The reason this came to mind was I was at the orthodontist's with my DS yesterday and a man was there, talking to the receptionist about the bill. She said something like "well call your ex and ask her about the coverage" and he said "I can't do that, you will have to split the bill and send her half to her lawyer" or something to that effect. he did not have her phone # or her address. It was obviously not a happy situation and the poor kid getting the braces wanted to fall through the floor, he was so embarrassed (dad was quite loud and annoyed). I wouldn't even give him the option of making YOU pay by calling your lawyer -- I would flat out say "the only person that I want communicating with me is your legal representative". End of story. And if the visitation is clearly spelled out then there is no discussion to be had. I mean, really -- it does not take a rocket scientist to figure out EOW!!
 
Doesn't the DVO you have against him cover third parties? If it does, then it's a violation that he is having 3rd parties contact you and saying what they are saying.
 
I also thought that he could actually talk to Mulan about the kids. Am I wrong?
 
I think Robinb is right, my understanding was that he was still allowed to make calls that are about the kids, just not allowed to use that as an excuse for harrassment. I'd say that the recent incidents actual suggest he's looking for ways around it or ways to use the DVO to his advantage.

Regardless of any ideas I, or others, may have, I think you should follow your lawyer's advice. You are paying her to know the system and to know the best way around it. If she has suggested that you initiate email contact and maintain records of email transactions, then, you should do so. If she is suggesting that you follow the letter of the court document, then, you should do so--EXACTLY. I.e. you should ALWAYS show up at exactly the right time (even if it means leaving home early and planning for a picnic on the PD steps), you should NEVER ask for or suggest changes, etc.

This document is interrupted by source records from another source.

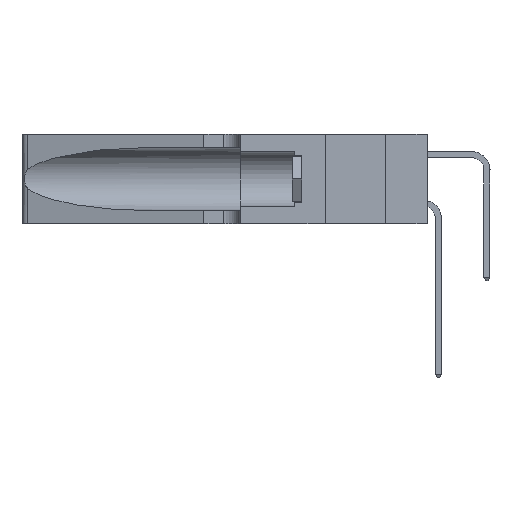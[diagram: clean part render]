
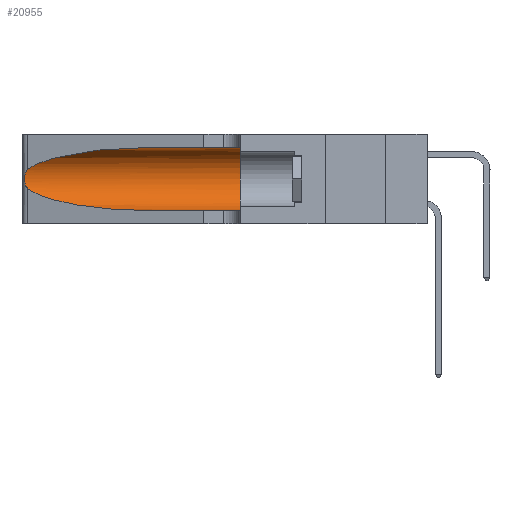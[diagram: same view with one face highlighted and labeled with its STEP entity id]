
A CAD part, left-side view. The second image highlights one B-rep face of the part: STEP entity #20955.
In plain terms, the highlighted cylindrical face has radius 3.308 mm (diameter 6.617 mm), a partial arc.
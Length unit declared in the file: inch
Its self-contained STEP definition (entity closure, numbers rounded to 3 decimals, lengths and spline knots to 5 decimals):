
#533 =( BOUNDED_CURVE ( )  B_SPLINE_CURVE ( 3, ( #21320, #24798, #20701, #31766 ),
 .UNSPECIFIED., .F., .F. ) 
 B_SPLINE_CURVE_WITH_KNOTS ( ( 4, 4 ),
 ( 3.44316, 4.71239 ),
 .UNSPECIFIED. ) 
 CURVE ( )  GEOMETRIC_REPRESENTATION_ITEM ( )  RATIONAL_B_SPLINE_CURVE ( ( 1., 0.87, 0.87, 1. ) ) 
 REPRESENTATION_ITEM ( '' )  );
#603 = CARTESIAN_POINT ( 'NONE',  ( 0.25487, 1.22718, 0.14631 ) ) ;
#762 = LINE ( 'NONE', #3302, #3997 ) ;
#918 = CARTESIAN_POINT ( 'NONE',  ( 0.26075, 1.23896, 0.178 ) ) ;
#3302 = CARTESIAN_POINT ( 'NONE',  ( 0.1305, 1.61858, 0.31525 ) ) ;
#3364 = CARTESIAN_POINT ( 'NONE',  ( 0.1305, 1.61858, 0.185 ) ) ;
#3870 = VERTEX_POINT ( 'NONE', #20736 ) ;
#3997 = VECTOR ( 'NONE', #30812, 39.37008 ) ;
#4077 = CARTESIAN_POINT ( 'NONE',  ( 0.25856, 1.23593, 0.16098 ) ) ;
#4400 = ORIENTED_EDGE ( 'NONE', *, *, #29245, .T. ) ;
#4663 = FACE_OUTER_BOUND ( 'NONE', #33768, .T. ) ;
#5098 = AXIS2_PLACEMENT_3D ( 'NONE', #28223, #39116, #31694 ) ;
#5110 = VERTEX_POINT ( 'NONE', #29682 ) ;
#6493 = CARTESIAN_POINT ( 'NONE',  ( 0.25487, 1.22718, 0.22369 ) ) ;
#7168 =( BOUNDED_CURVE ( )  B_SPLINE_CURVE ( 3, ( #41467, #31184, #31335, #41892 ),
 .UNSPECIFIED., .F., .T. ) 
 B_SPLINE_CURVE_WITH_KNOTS ( ( 4, 4 ),
 ( 1.5708, 2.84003 ),
 .UNSPECIFIED. ) 
 CURVE ( )  GEOMETRIC_REPRESENTATION_ITEM ( )  RATIONAL_B_SPLINE_CURVE ( ( 1., 0.87, 0.87, 1. ) ) 
 REPRESENTATION_ITEM ( '' )  );
#7691 = CARTESIAN_POINT ( 'NONE',  ( 0.25639, 1.23186, 0.15144 ) ) ;
#8292 = CARTESIAN_POINT ( 'NONE',  ( 0.1305, 1.61858, 0.05475 ) ) ;
#10001 = ORIENTED_EDGE ( 'NONE', *, *, #43993, .F. ) ;
#10026 = CYLINDRICAL_SURFACE ( 'NONE', #17024, 0.13025 ) ;
#11009 = CARTESIAN_POINT ( 'NONE',  ( 0.25789, 1.23486, 0.15765 ) ) ;
#12291 = ORIENTED_EDGE ( 'NONE', *, *, #12682, .T. ) ;
#12527 = EDGE_CURVE ( 'NONE', #5110, #40979, #16547, .T. ) ;
#12682 = EDGE_CURVE ( 'NONE', #3870, #38131, #21144, .T. ) ;
#15469 = ORIENTED_EDGE ( 'NONE', *, *, #12527, .T. ) ;
#16547 = B_SPLINE_CURVE_WITH_KNOTS ( 'NONE', 3,
 ( #6493, #37618, #38852, #21605, #38701, #17945, #38382, #918, #39001, #4077, #11009, #7691, #18243, #603 ),
 .UNSPECIFIED., .F., .F.,
 ( 4, 2, 2, 2, 2, 2, 4 ),
 ( 0., 0.00027, 0.00053, 0.00107, 0.0016, 0.00187, 0.00214 ),
 .UNSPECIFIED. ) ;
#17024 = AXIS2_PLACEMENT_3D ( 'NONE', #3364, #23880, #30870 ) ;
#17945 = CARTESIAN_POINT ( 'NONE',  ( 0.26018, 1.23835, 0.19895 ) ) ;
#18243 = CARTESIAN_POINT ( 'NONE',  ( 0.25555, 1.22993, 0.14849 ) ) ;
#20701 = CARTESIAN_POINT ( 'NONE',  ( 0.18966, 0.96281, 0.05475 ) ) ;
#20736 = CARTESIAN_POINT ( 'NONE',  ( 0.1305, 0.72297, 0.05475 ) ) ;
#20817 = CARTESIAN_POINT ( 'NONE',  ( 0.1305, 0.35, 0.31525 ) ) ;
#20955 = ADVANCED_FACE ( 'NONE', ( #4663 ), #10026, .F. ) ;
#21144 = LINE ( 'NONE', #8292, #39542 ) ;
#21320 = CARTESIAN_POINT ( 'NONE',  ( 0.25487, 1.22718, 0.14631 ) ) ;
#21605 = CARTESIAN_POINT ( 'NONE',  ( 0.25787, 1.23484, 0.2124 ) ) ;
#22591 = ORIENTED_EDGE ( 'NONE', *, *, #34125, .T. ) ;
#23880 = DIRECTION ( 'NONE',  ( 0., -1., 0. ) ) ;
#24538 = VERTEX_POINT ( 'NONE', #20817 ) ;
#24798 = CARTESIAN_POINT ( 'NONE',  ( 0.2373, 1.15595, 0.08982 ) ) ;
#26191 = CARTESIAN_POINT ( 'NONE',  ( 0.25487, 1.22718, 0.14631 ) ) ;
#28223 = CARTESIAN_POINT ( 'NONE',  ( 0.1305, 0.35, 0.185 ) ) ;
#28367 = CARTESIAN_POINT ( 'NONE',  ( 0.1305, 0.35, 0.05475 ) ) ;
#29245 = EDGE_CURVE ( 'NONE', #40979, #3870, #533, .T. ) ;
#29682 = CARTESIAN_POINT ( 'NONE',  ( 0.25487, 1.22718, 0.22369 ) ) ;
#30812 = DIRECTION ( 'NONE',  ( 0., -1., 0. ) ) ;
#30870 = DIRECTION ( 'NONE',  ( 0., 0., -1. ) ) ;
#31184 = CARTESIAN_POINT ( 'NONE',  ( 0.18966, 0.96281, 0.31525 ) ) ;
#31335 = CARTESIAN_POINT ( 'NONE',  ( 0.2373, 1.15595, 0.28018 ) ) ;
#31694 = DIRECTION ( 'NONE',  ( 0., 0., 1. ) ) ;
#31766 = CARTESIAN_POINT ( 'NONE',  ( 0.1305, 0.72297, 0.05475 ) ) ;
#31860 = CARTESIAN_POINT ( 'NONE',  ( 0.1305, 0.72297, 0.31525 ) ) ;
#33768 = EDGE_LOOP ( 'NONE', ( #22591, #15469, #4400, #12291, #10001, #40497 ) ) ;
#34125 = EDGE_CURVE ( 'NONE', #35337, #5110, #7168, .T. ) ;
#35337 = VERTEX_POINT ( 'NONE', #31860 ) ;
#35806 = DIRECTION ( 'NONE',  ( 0., -1., 0. ) ) ;
#37149 = CIRCLE ( 'NONE', #5098, 0.13025 ) ;
#37618 = CARTESIAN_POINT ( 'NONE',  ( 0.25555, 1.22994, 0.2215 ) ) ;
#38131 = VERTEX_POINT ( 'NONE', #28367 ) ;
#38382 = CARTESIAN_POINT ( 'NONE',  ( 0.26075, 1.23896, 0.19203 ) ) ;
#38701 = CARTESIAN_POINT ( 'NONE',  ( 0.25854, 1.2359, 0.20912 ) ) ;
#38852 = CARTESIAN_POINT ( 'NONE',  ( 0.25639, 1.23184, 0.21858 ) ) ;
#39001 = CARTESIAN_POINT ( 'NONE',  ( 0.26017, 1.23833, 0.17102 ) ) ;
#39116 = DIRECTION ( 'NONE',  ( 0., 1., 0. ) ) ;
#39542 = VECTOR ( 'NONE', #35806, 39.37008 ) ;
#39800 = EDGE_CURVE ( 'NONE', #35337, #24538, #762, .T. ) ;
#40497 = ORIENTED_EDGE ( 'NONE', *, *, #39800, .F. ) ;
#40979 = VERTEX_POINT ( 'NONE', #26191 ) ;
#41467 = CARTESIAN_POINT ( 'NONE',  ( 0.1305, 0.72297, 0.31525 ) ) ;
#41892 = CARTESIAN_POINT ( 'NONE',  ( 0.25487, 1.22718, 0.22369 ) ) ;
#43993 = EDGE_CURVE ( 'NONE', #24538, #38131, #37149, .T. ) ;

I've said it before, and I'm sure to say it again, but, I recommend you do what your lawyer tells you!
 

You are so right, hematite. Sometimes things seem so obvious to outsiders but the inner workings are much more fine-tuned. My thought was, as has been said before, once DA gets tired of pushing Mulan's buttons he will fade into the sunset...and having to pay his lawyer to push those buttons makes it far less fun!
 
I think the e-mail communication makes sense. It's printed documentation of all correspondence, and you can check it at your convenience. Go ahead and set up an e-mail account on Yahoo--set it up as an address that you'll only use with him. Then at the next drop off, give him the e-mail address and tell him that you'll be checking it daily.

You might even type a little note that says something like "Please direct all communication about the children to my new e-mail address (Mulan@yahoo.com) or to my attorney (attorney's name & phone #). I will check the above e-mail address twice each day"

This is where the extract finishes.